> [STUDY MATERIAL]:
%%

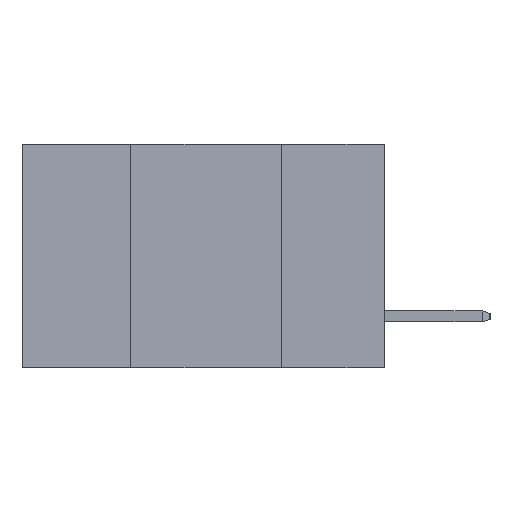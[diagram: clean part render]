
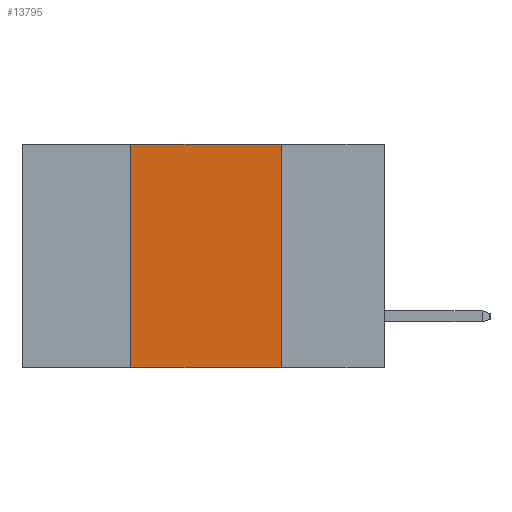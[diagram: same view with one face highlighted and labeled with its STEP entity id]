
A CAD part, left-side view. The second image highlights one B-rep face of the part: STEP entity #13795.
In plain terms, the highlighted planar face has unit normal (-1, 0, 0).
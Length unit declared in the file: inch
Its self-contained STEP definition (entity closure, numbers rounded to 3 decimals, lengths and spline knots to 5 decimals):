
#820 = CARTESIAN_POINT ( 'NONE',  ( 0., 0.42, 0. ) ) ;
#958 = DIRECTION ( 'NONE',  ( 0., 0., -1. ) ) ;
#1240 = AXIS2_PLACEMENT_3D ( 'NONE', #6806, #9732, #958 ) ;
#1403 = VERTEX_POINT ( 'NONE', #9511 ) ;
#3280 = ORIENTED_EDGE ( 'NONE', *, *, #6841, .F. ) ;
#3602 = FACE_OUTER_BOUND ( 'NONE', #16692, .T. ) ;
#4205 = CARTESIAN_POINT ( 'NONE',  ( 0., 0.42, 0. ) ) ;
#6280 = CARTESIAN_POINT ( 'NONE',  ( 0., 0.6, -0.37 ) ) ;
#6683 = ORIENTED_EDGE ( 'NONE', *, *, #8721, .F. ) ;
#6806 = CARTESIAN_POINT ( 'NONE',  ( 0., 0.6, 0. ) ) ;
#6841 = EDGE_CURVE ( 'NONE', #14572, #15960, #9867, .T. ) ;
#7154 = DIRECTION ( 'NONE',  ( 0., 0., -1. ) ) ;
#8253 = ORIENTED_EDGE ( 'NONE', *, *, #12579, .T. ) ;
#8721 = EDGE_CURVE ( 'NONE', #1403, #13756, #10246, .T. ) ;
#9443 = VECTOR ( 'NONE', #7154, 39.37008 ) ;
#9511 = CARTESIAN_POINT ( 'NONE',  ( 0., 0.42, -0.37 ) ) ;
#9732 = DIRECTION ( 'NONE',  ( 1., 0., 0. ) ) ;
#9867 = LINE ( 'NONE', #11359, #9443 ) ;
#10246 = LINE ( 'NONE', #4205, #13594 ) ;
#11359 = CARTESIAN_POINT ( 'NONE',  ( 0., 0.17, 0. ) ) ;
#12579 = EDGE_CURVE ( 'NONE', #1403, #15960, #14120, .T. ) ;
#12611 = EDGE_CURVE ( 'NONE', #13756, #14572, #13253, .T. ) ;
#12738 = DIRECTION ( 'NONE',  ( 0., 0., 1. ) ) ;
#12966 = CARTESIAN_POINT ( 'NONE',  ( 0., 0.17, 0. ) ) ;
#13253 = LINE ( 'NONE', #14201, #16493 ) ;
#13356 = CARTESIAN_POINT ( 'NONE',  ( 0., 0.17, -0.37 ) ) ;
#13594 = VECTOR ( 'NONE', #12738, 39.37008 ) ;
#13756 = VERTEX_POINT ( 'NONE', #820 ) ;
#13795 = ADVANCED_FACE ( 'NONE', ( #3602 ), #18049, .F. ) ;
#14120 = LINE ( 'NONE', #6280, #14560 ) ;
#14201 = CARTESIAN_POINT ( 'NONE',  ( 0., 0.6, 0. ) ) ;
#14560 = VECTOR ( 'NONE', #18190, 39.37008 ) ;
#14572 = VERTEX_POINT ( 'NONE', #12966 ) ;
#15586 = DIRECTION ( 'NONE',  ( 0., -1., 0. ) ) ;
#15960 = VERTEX_POINT ( 'NONE', #13356 ) ;
#16493 = VECTOR ( 'NONE', #15586, 39.37008 ) ;
#16692 = EDGE_LOOP ( 'NONE', ( #3280, #17432, #6683, #8253 ) ) ;
#17432 = ORIENTED_EDGE ( 'NONE', *, *, #12611, .F. ) ;
#18049 = PLANE ( 'NONE',  #1240 ) ;
#18190 = DIRECTION ( 'NONE',  ( 0., -1., 0. ) ) ;

%%

> [PROBLEM REQUIREMENTS]:
Each line from the one that includes "#10246 = LINE ( 'NONE', #4205, #13594 ) ;" down to the close of the records above is to be given again exactly, and no other line is to appear.

> [SOLVED PROBLEM]:
#10246 = LINE ( 'NONE', #4205, #13594 ) ;
#11359 = CARTESIAN_POINT ( 'NONE',  ( 0., 0.17, 0. ) ) ;
#12579 = EDGE_CURVE ( 'NONE', #1403, #15960, #14120, .T. ) ;
#12611 = EDGE_CURVE ( 'NONE', #13756, #14572, #13253, .T. ) ;
#12738 = DIRECTION ( 'NONE',  ( 0., 0., 1. ) ) ;
#12966 = CARTESIAN_POINT ( 'NONE',  ( 0., 0.17, 0. ) ) ;
#13253 = LINE ( 'NONE', #14201, #16493 ) ;
#13356 = CARTESIAN_POINT ( 'NONE',  ( 0., 0.17, -0.37 ) ) ;
#13594 = VECTOR ( 'NONE', #12738, 39.37008 ) ;
#13756 = VERTEX_POINT ( 'NONE', #820 ) ;
#13795 = ADVANCED_FACE ( 'NONE', ( #3602 ), #18049, .F. ) ;
#14120 = LINE ( 'NONE', #6280, #14560 ) ;
#14201 = CARTESIAN_POINT ( 'NONE',  ( 0., 0.6, 0. ) ) ;
#14560 = VECTOR ( 'NONE', #18190, 39.37008 ) ;
#14572 = VERTEX_POINT ( 'NONE', #12966 ) ;
#15586 = DIRECTION ( 'NONE',  ( 0., -1., 0. ) ) ;
#15960 = VERTEX_POINT ( 'NONE', #13356 ) ;
#16493 = VECTOR ( 'NONE', #15586, 39.37008 ) ;
#16692 = EDGE_LOOP ( 'NONE', ( #3280, #17432, #6683, #8253 ) ) ;
#17432 = ORIENTED_EDGE ( 'NONE', *, *, #12611, .F. ) ;
#18049 = PLANE ( 'NONE',  #1240 ) ;
#18190 = DIRECTION ( 'NONE',  ( 0., -1., 0. ) ) ;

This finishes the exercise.